The system ships as vStellar (virtio/vhost style para-virtual device + driver) and a custom RNIC dataplane (FPGA-based 400G in deployment). Together they provide 64K virtual devices, ~1.5 s per-device bring-up, tight isolation via RDMA protection domains, and no SR-IOV/VF flow-rule juggling—improving scalability, stability, and multipath utilization for AI clusters.

Evaluation

On testbeds and in production clusters, Stellar/vStellar:

  • Cuts secure-container initialization time by up to 15×, keeping boot <20 s even with very large guest memory.
  • Maintains high, flat GDR throughput as message sizes increase, whereas an ATS/ATC-based baseline (e.g., CX6) drops from ~190→170→~150 Gbps as sizes grow due to ATC/IOTLB pressure.
  • With 128-path OBS, achieves higher bus bandwidth and shallower/steadier queues under static and bursty backgrounds than RR/BestRTT/DWRR, and shows resilience to link failures.
  • Near-zero virt overhead vs bare-metal Stellar for RDMA latency/throughput; outperforms a VF+VxLAN baseline (which incurs ~7% extra latency for tiny packets and ~9% bandwidth loss for 8 MB).
  • End-to-end LLM training speedups up to ~14% at cluster scale.

Q&A

Q: Are there any mechanisms to enforce isolation between virtual machines (VMs)? How exactly is it implemented?

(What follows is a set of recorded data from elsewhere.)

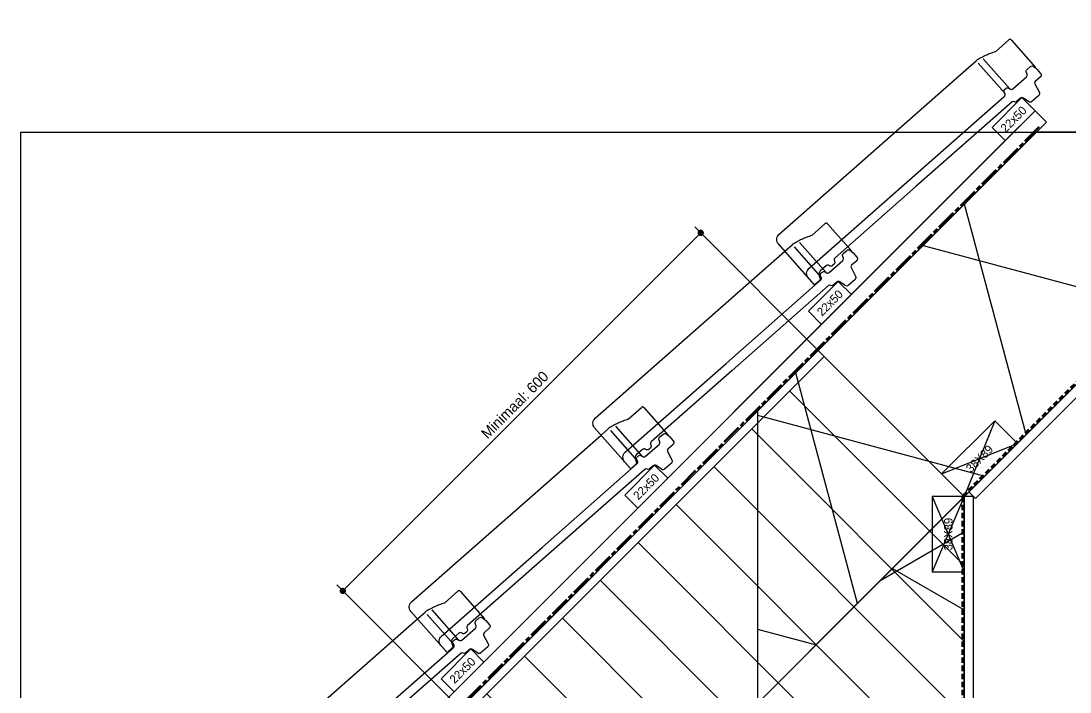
# Model space of a CAD drawing. Header units: millimetres. Extents: x -109306 to 269542, y -22401 to 197206.
# Drawn here: x 264542 to 265786, y -15137 to -14342 of the extents above; entities that cross this region are included whole.
import ezdxf
from ezdxf.enums import TextEntityAlignment as Align

# ---------------------------------------------------------------- set-up
doc = ezdxf.new("R2010")
doc.units = ezdxf.units.MM
doc.linetypes.add('ACAD_ISO08W100', pattern=[36, 24, -3, 6, -3])
doc.linetypes.add('DASHED2', pattern=[9.524999999999999, 6.349999999999999, -3.174999999999999])
doc.layers.add('EHP Dampdichte folie', color=3, linetype='DASHED2', lineweight=60)
doc.layers.add('EHP Dampopen folie', color=5, linetype='ACAD_ISO08W100', lineweight=60)
doc.layers.add('EHP Hulplijnen tekst niet printen', color=4, linetype='Continuous', plot=False)
doc.layers.add('EHP Maatvoering', color=1, linetype='Continuous')
doc.styles.get("Standard").update_dxf_attribs({"font": ''})
doc.styles.get('Standard').set_extended_font_data('Century Gothic')
doc.dimstyles.new('RFWOOD_FULL_DETAIL', dxfattribs={"dimscale": 5, "dimtxt": 2.5, "dimasz": 1.5, "dimexe": 2, "dimexo": 0, "dimgap": 1, "dimtad": 1, "dimdec": 0, "dimrnd": 0.001, "dimzin": 0, "dimdsep": 46, "dimtxsty": 'Standard', "dimblk1": 'DOT', "dimblk2": 'DOT', "dimsah": 1, "dimcen": 0.09, "dimdle": 2, "dimclrd": 6, "dimclre": 8, "dimclrt": 7, "dimazin": 0, "dimtfac": 1, "dimtdec": 0, "dimtix": 1, "dimtmove": 2, "dimatfit": 3, "dimfxl": 1, "dimtolj": 1, "dimtzin": 0, "dimarcsym": 0})

# ---------------------------------------------------------------- blocks, each defined once
blk = doc.blocks.new('*U703')
h = blk.add_hatch()
h.set_pattern_fill('ISOLATIE', color=256, scale=244.9999999999976, angle=90.00000000000001, style=0, pattern_type=2)
h.set_pattern_definition([(150, (4.456524038687304e-12, 1.979094239018455e-27), (-122.4999999999987, -212.1762239271854), []), (210, (4.456524038687304e-12, 1.979094239018455e-27), (122.4999999999988, -212.1762239271854), [])])
h.paths.add_polyline_path([(-244.9999999999992, 355.0000000001535), (-244.9999999999976, -1.088018564132643e-13), (0, 0), (1.710788410770743e-12, 600.0000000002539), (-122.4999999999993, 477.5000000001495)])
blk.add_lwpolyline([(-244.9999999999992, 355.0000000001535), (-244.9999999999976, -1.088018564132643e-13), (0, 0), (0, 0), (1.710788410770743e-12, 600.0000000002539), (-122.4999999999993, 477.5000000001495)], close=True)
blk = doc.blocks.new('*U704')
h = blk.add_hatch()
h.set_pattern_fill('ISOLATIE', color=256, scale=244.9999999999972, angle=44.9999999999998, style=0, pattern_type=2)
h.set_pattern_definition([(104.9999999999998, (3.151238368276637e-12, -3.15123836827666e-12), (-236.6518274408193, -63.41066605011603), []), (164.9999999999998, (3.151238368276637e-12, -3.15123836827666e-12), (-63.41066605011775, -236.6518274408188), [])])
h.paths.add_polyline_path([(330.3252147902787, 676.8075375716813), (5.80276567537414e-14, 346.4823227814033), (0, 0), (551.8818161709966, 551.8818161709892), (551.8818161709966, 676.8075082446637)])
blk.add_lwpolyline([(330.3252147902787, 676.8075375716813), (5.80276567537414e-14, 346.4823227814033), (0, 0), (0, 0), (551.8818161709966, 551.8818161709892), (551.8818161709966, 676.8075082446637)], close=True)
blk = doc.blocks.new('*U765')
blk.add_lwpolyline([(0, 0), (426.2182380653552, 0), (426.2182380653552, 11), (0, 11)], close=True)
blk = doc.blocks.new('*U766')
blk.add_lwpolyline([(0, 0), (700.0000340978128, 0), (700.0000340978128, 11), (0, 11)], close=True)
blk = doc.blocks.new('*U771')
blk.add_lwpolyline([(0, 0), (1177.199189869282, 0), (1177.199189869282, 18.99999999999955), (0, 18.99999999999955)], close=True)
blk = doc.blocks.new('BNOVH000B$2')
at = {"color": 1, "linetype": 'Continuous', "ltscale": 400}
blk.add_lwpolyline([(-4.607633, -72.63407099999999), (-0.507161, -7.984014999999999, -0.414214), (7.983656, -0.505826), (306.765381, -19.461395)], format="xyb", dxfattribs=at)
at = {"color": 1, "linetype": 'DASHED2', "ltscale": 400}
blk.add_lwpolyline([(306.765381, -19.461395), (318.913177, -20.232227, -0.063748), (342.582732, -28.872767), (363.816071, -30.219614, -0.414214), (365.685305, -32.342388), (362.930328, -75.772003)], format="xyb", dxfattribs=at)
for points in [[(315.653687, -71.612961), (318.674286, -24.001543)], [(323.528778, -72.112488), (326.549377, -24.501074)]]:
    blk.add_lwpolyline(points, dxfattribs=at)
at = {"color": 7, "linetype": 'Continuous', "ltscale": 400}
for points in [[(162.939163, -75.24762), (35.388271, -67.155594, 0.346419), (32.332868, -69.26175699999999), (32.208397, -69.663368, -0.34642), (29.152066, -71.76974), (26.880663, -71.62571700000001, -0.346418), (24.116321, -69.149877), (24.043949, -68.736298, 0.346419), (21.27807, -66.260763), (12.150923, -65.681381, 0.339449), (6.694334, -69.342673), (6.107766000000001, -71.08606, -0.339452), (3.074921, -73.12224300000001), (-4.607633, -72.63407099999999), (-3.911165, -61.656105, -0.414214), (4.57868, -54.17960799999999), (163.721054, -64.275009)], [(163.721054, -64.275009), (312.597626, -73.719734, 0.34642), (315.65294, -71.612962), (316.081909, -70.22963, -0.346418), (319.137209, -68.122364), (320.513977, -68.210251, -0.346419), (323.278875, -70.685866), (323.528778, -72.112488, 0.34642), (326.293636, -74.589384), (347.527344, -75.935265, 0.34642), (350.582755, -73.829089), (351.011627, -72.44516, -0.346409), (354.067276, -70.339005), (359.435699, -70.67935200000001, -0.346429), (362.200625, -73.155084), (362.653351, -75.73613), (362.783844, -78.09605400000001), (362.351929, -84.892128, -0.414214), (359.167991, -87.69696), (350.891724, -87.171593, 0.346418), (348.683398, -88.693428), (345.226959, -99.860466, -0.34642), (342.170061, -101.96707), (331.379486, -101.282631, -0.345772), (328.614772, -98.812945), (327.279694, -91.291748, 0.345782), (324.515422, -88.822875), (318.587646, -88.446442, -0.348737), (316.607744, -86.658449, 0.348633), (314.626961, -84.870368), (162.939163, -75.24762)]]:
    blk.add_lwpolyline(points, format="xyb", dxfattribs=at)
blk = doc.blocks.new('_DOT')
at = {"color": 0, "linetype": 'ByBlock'}
blk.add_line((-0.5, 0), (-1, 0), dxfattribs=at)
at = {"color": 0, "linetype": 'ByBlock', "const_width": 0.5}
blk.add_lwpolyline([(-0.25, 0, 1), (0.25, 0, 1)], format="xyb", close=True, dxfattribs=at)
blk = doc.blocks.new('*D878')
at = {"layer": 'Defpoints', "color": 0, "transparency": 16777216}
for p in [(265347.7133669575, -14592.97267751637), (265494.0638367225, -14739.32314728139), (265069.7997680106, -15163.58721599334)]:
    blk.add_point(p, dxfattribs=at)
at = {"layer": 'EHP Maatvoering', "color": 8, "lineweight": -2, "transparency": 16777216}
for p, q in [((265494.0638367225, -14739.32314728139), (265340.6422991456, -14585.90160970448)), ((265069.7997680106, -15163.58721599334), (264916.3782304337, -15010.16567841642))]:
    blk.add_line(p, q, dxfattribs=at)
at = {"layer": 'EHP Maatvoering', "color": 6, "lineweight": -2, "transparency": 16777216}
blk.add_line((264928.7525991045, -15011.93344536942), (265342.4100660986, -14598.27597837527), dxfattribs=at)
at = {"layer": 'EHP Maatvoering', "color": 6, "lineweight": -2, "transparency": 16777216, "xscale": 7.5, "yscale": 7.5, "zscale": 7.5}
for p, rotation in [((265347.7133669575, -14592.97267751637), 45.00000000000245), ((264923.4492982456, -15017.23674622831), 225.0000000000024)]:
    blk.add_blockref('_DOT', p, dxfattribs=dict(at, rotation=rotation))
at = {"layer": 'EHP Maatvoering', "color": 7, "transparency": 16777216, "insert": (265127.3199363281, -14796.84331559893), "char_height": 12.5, "attachment_point": 5, "rotation": 45.00000000000246}
blk.add_mtext('\\A1;Minimaal: 600', dxfattribs=at)
blk = doc.blocks.new('*U803')
blk.add_lwpolyline([(4.679240163218398e-24, -4.679240163218215e-24), (35.3553390593267, 35.35533905932809), (19.79898987322235, 50.91168824543184), (-15.55634918610436, 15.55634918610375)], close=True)
at = {"color": 1, "flags": 8}
blk.add_attdef('22X50', text='', height=10, rotation=45.00000000000112, dxfattribs=at).set_placement((9.899495348191927, 25.45584457971004), align=Align.MIDDLE_CENTER)
blk = doc.blocks.new('*U808')
blk.add_lwpolyline([(5.080925042572551e-25, -8.850387822179523e-24), (62.93250352560154, 62.93250352560399), (36.06244584051218, 89.8025612106923), (-26.87005768508935, 26.8700576850883)], close=True)
at = {"color": 1, "flags": 8}
blk.add_attdef('38X89', text='', height=10, rotation=45.00000000000112, dxfattribs=at).set_placement((18.0312293545976, 44.90128218987458), align=Align.MIDDLE_CENTER)
blk = doc.blocks.new('*U809')
blk.add_lwpolyline([(6.617444900424238e-24, -5.898893589963737e-24), (-1.77635683940025e-13, 89.00000000000006), (-38.00000000000021, 88.99999999999997), (-38.00000000000003, -7.460698725481052e-14)], close=True)
at = {"color": 1, "flags": 8}
blk.add_attdef('38X89', text='', height=10, rotation=90.00000000000011, dxfattribs=at).set_placement((-18.99999657066439, 44.5000056701973), align=Align.MIDDLE_CENTER)

msp = doc.modelspace()

# ---------------------------------------------------------------- hatches: boundary and pattern name
at = {"lineweight": 9, "true_color": 0xc7c8ca}
h = msp.add_hatch(dxfattribs=at)
h.set_pattern_fill('ANSI31', color=9, scale=20, angle=90)
h.set_pattern_definition([(135, (257544.0314126417, -18635.27412174056), (-44.90128060534577, -44.90128060534577), [])])
h.paths.add_polyline_path([(265660.2339157428, -15495.49324114239), (265660.2339303014, -14905.49324086022), (265494.0638367225, -14739.32314728138), (265069.7997680106, -15163.58721599331), (265401.7057931597, -15495.49324114239)])

# ---------------------------------------------------------------- linework, layer by layer
for p, q in [((264925.1570009993, -15294.0878473809), (265745.5591450917, -14473.68570328855)), ((265055.4054969869, -15136.96929338272), (265718.6890915331, -14473.68570328855)), ((265098.39816239, -15467.32900877161), (265964.8375557756, -14600.88961538601)), ((265660.2339303014, -14905.49324086004), (265494.0638367226, -14739.32314728125)), ((265696.296376142, -14815.69067964934), (265660.2339303015, -14905.49324086004)), ((265633.3638726164, -14878.62318317495), (265723.166433827, -14842.56073733444)), ((265660.2339303014, -14905.49324086022), (265622.2339303014, -14994.49324086022)), ((265622.2339303014, -14905.49324086022), (265660.2339303014, -14994.49324086022)), ((265660.2339303014, -15605.49324086022), (265660.2339303014, -14905.49324086022))]:
    msp.add_line(p, q)
at = {"lineweight": 9}
msp.add_lwpolyline([(265660.2339157428, -15495.49324114239), (265660.2339303014, -14905.49324086022), (265494.0638367225, -14739.32314728138), (265069.7997680106, -15163.58721599331), (265401.7057931597, -15495.49324114239), (265660.2339157428, -15495.49324114239)], dxfattribs=at)
at = {"layer": 'EHP Dampdichte folie'}
msp.add_lwpolyline([(265694.2129292962, -15505.49324086022), (265694.2129292962, -15505.49324086022), (265673.2339157428, -15607.49324086022), (265658.2339157428, -15607.49324086022), (265658.2339157428, -14904.66482829384), (265658.2339157428, -14904.66482829384), (265658.2339157428, -14904.66482829384), (265964.8375475511, -14598.06119648549)], dxfattribs=at)
at = {"layer": 'EHP Dampopen folie'}
msp.add_lwpolyline([(265749.0145794663, -14467.40184108262), (265067.4263090594, -15148.9901114896), (264986.5041541472, -15229.91226640181), (264924.1496187434, -15293.08047115944), (264924.1496187434, -15293.08047115944), (264923.1570008366, -15294.08783521404), (264896.8732366292, -15385.94101956526)], dxfattribs=at)
at = {"layer": 'EHP Hulplijnen tekst niet printen'}
msp.add_lwpolyline([(264541.840655422, -14473.68572610809), (266541.8403540815, -14473.68572610809), (266541.8403540815, -15973.68571925943), (264541.840655422, -15973.68571925943)], close=True, dxfattribs=at)

# ---------------------------------------------------------------- block references
for name, p, rotation in [('BNOVH000B$2', (265434.4832729397, -14600.0946680028), 44.99999999999994), ('*U771', (264925.1570008366, -15294.08784754361), 44.99999999999848), ('BNOVH000B$2', (265216.6943843343, -14817.88355660826), 44.99999999999994), ('*U765', (265673.5121146642, -14907.7714056838), 45.0000000000001), ('BNOVH000B$2', (264998.9054957288, -15035.67244521371), 44.99999999999994), ('*U766', (265671.2339157428, -15605.49324086022), 90.00000000000006), ('BNOVH000B$2', (264781.1166071233, -15253.46133381916), 44.99999999999994)]:
    msp.add_blockref(name, p, dxfattribs=dict(rotation=rotation))
ref = msp.add_blockref('*U803', (265708.7721649286, -14483.60262982651))
ref.add_attrib('22X50', '22x50', dxfattribs={"color": 1, "height": 10, "rotation": 45}).set_placement((265718.6716602768, -14458.14678524679), align=Align.MIDDLE_CENTER)
for name, p in [('*U704', (265415.2339303014, -15150.49324086022)), ('*U703', (265660.2339303014, -15505.49324086022))]:
    msp.add_blockref(name, p)
ref = msp.add_blockref('*U803', (265490.9832755922, -14701.39151770106))
ref.add_attrib('22X50', '22x50', dxfattribs={"color": 1, "height": 10, "rotation": 45}).set_placement((265500.8827709404, -14675.93567312135), align=Align.MIDDLE_CENTER)
ref = msp.add_blockref('*U808', (265660.2338112933, -14905.49351958961))
ref.add_attrib('38X89', '38X89', dxfattribs={"color": 1, "height": 10, "rotation": 45}).set_placement((265678.2650406479, -14860.59223739972), align=Align.MIDDLE_CENTER)
ref = msp.add_blockref('*U803', (265273.1943862559, -14919.18040557561))
ref.add_attrib('22X50', '22x50', dxfattribs={"color": 1, "height": 10, "rotation": 45}).set_placement((265283.093881604, -14893.72456099591), align=Align.MIDDLE_CENTER)
ref = msp.add_blockref('*U809', (265660.2339157428, -14994.49320676241))
ref.add_attrib('38X89', '38X89', dxfattribs={"color": 1, "height": 10, "rotation": 90}).set_placement((265641.2339191721, -14949.99320109222), align=Align.MIDDLE_CENTER)
ref = msp.add_blockref('*U803', (265055.4054969869, -15136.96929338272))
ref.add_attrib('22X50', '22x50', dxfattribs={"color": 1, "height": 10, "rotation": 45}).set_placement((265065.3049923352, -15111.51344880301), align=Align.MIDDLE_CENTER)

# ---------------------------------------------------------------- dimensions: what is measured, and where the dimension line sits
at = {"layer": 'EHP Maatvoering'}
dim = msp.add_aligned_dim(p1=(265069.7997680106, -15163.58721599331), p2=(265494.0638367225, -14739.32314728138), distance=206.9708192013579, text='Minimaal: <>', dimstyle='RFWOOD_FULL_DETAIL', dxfattribs=at)
dim.commit()
dim.dimension.update_dxf_attribs({"geometry": '*D878', "text_midpoint": (265127.3199363281, -14796.84331559893)})

doc.saveas('drawing.dxf')

A: The system implements isolation via pure software-based virtualization, differing from traditional hardware isolation. It relies on clear software isolation between containers to prevent memory leaks or invalid memory accesses. While not hardware-level isolation, it ensures security through software mechanisms.

Personal thoughts

PVDMA fixes the long-standing GPA-pinning tax at its root, eMTT tackles a real PCIe/IOMMU scaling pain for GDR, and RNIC-native multipath aligns with AI traffic realities (large, long-lived collectives) rather than generic tail-latency microflows. The deployment angle (FPGA-based 400G RNIC, 64K vDevs, multi-segment clusters) and the “virt is basically free” results make a strong practicality case for serverless AI.

Open questions I’d explore: (1) Portability—what subset of eMTT/OBS could map to commodity SmartNICs/DPUs without FPGA freedom? (2) Operations & observability—oblivious spraying complicates header-based path attribution; what telemetry/debug hooks are needed? (3) Inter-CC coexistence—how OBS interacts with modern DC congestion control (Swift/HPCC/FAST-FLOW) and with RoCEv2 PFC/ECN settings at scale. (4) Standardization—could the memory-type hinting behind eMTT be codified for broader PCIe/IOMMU adoption? (5) GPU-stack interplay—implications for MIG/vGPU scheduling and NVLink/NVSwitch topologies as GPU partitioning becomes the norm.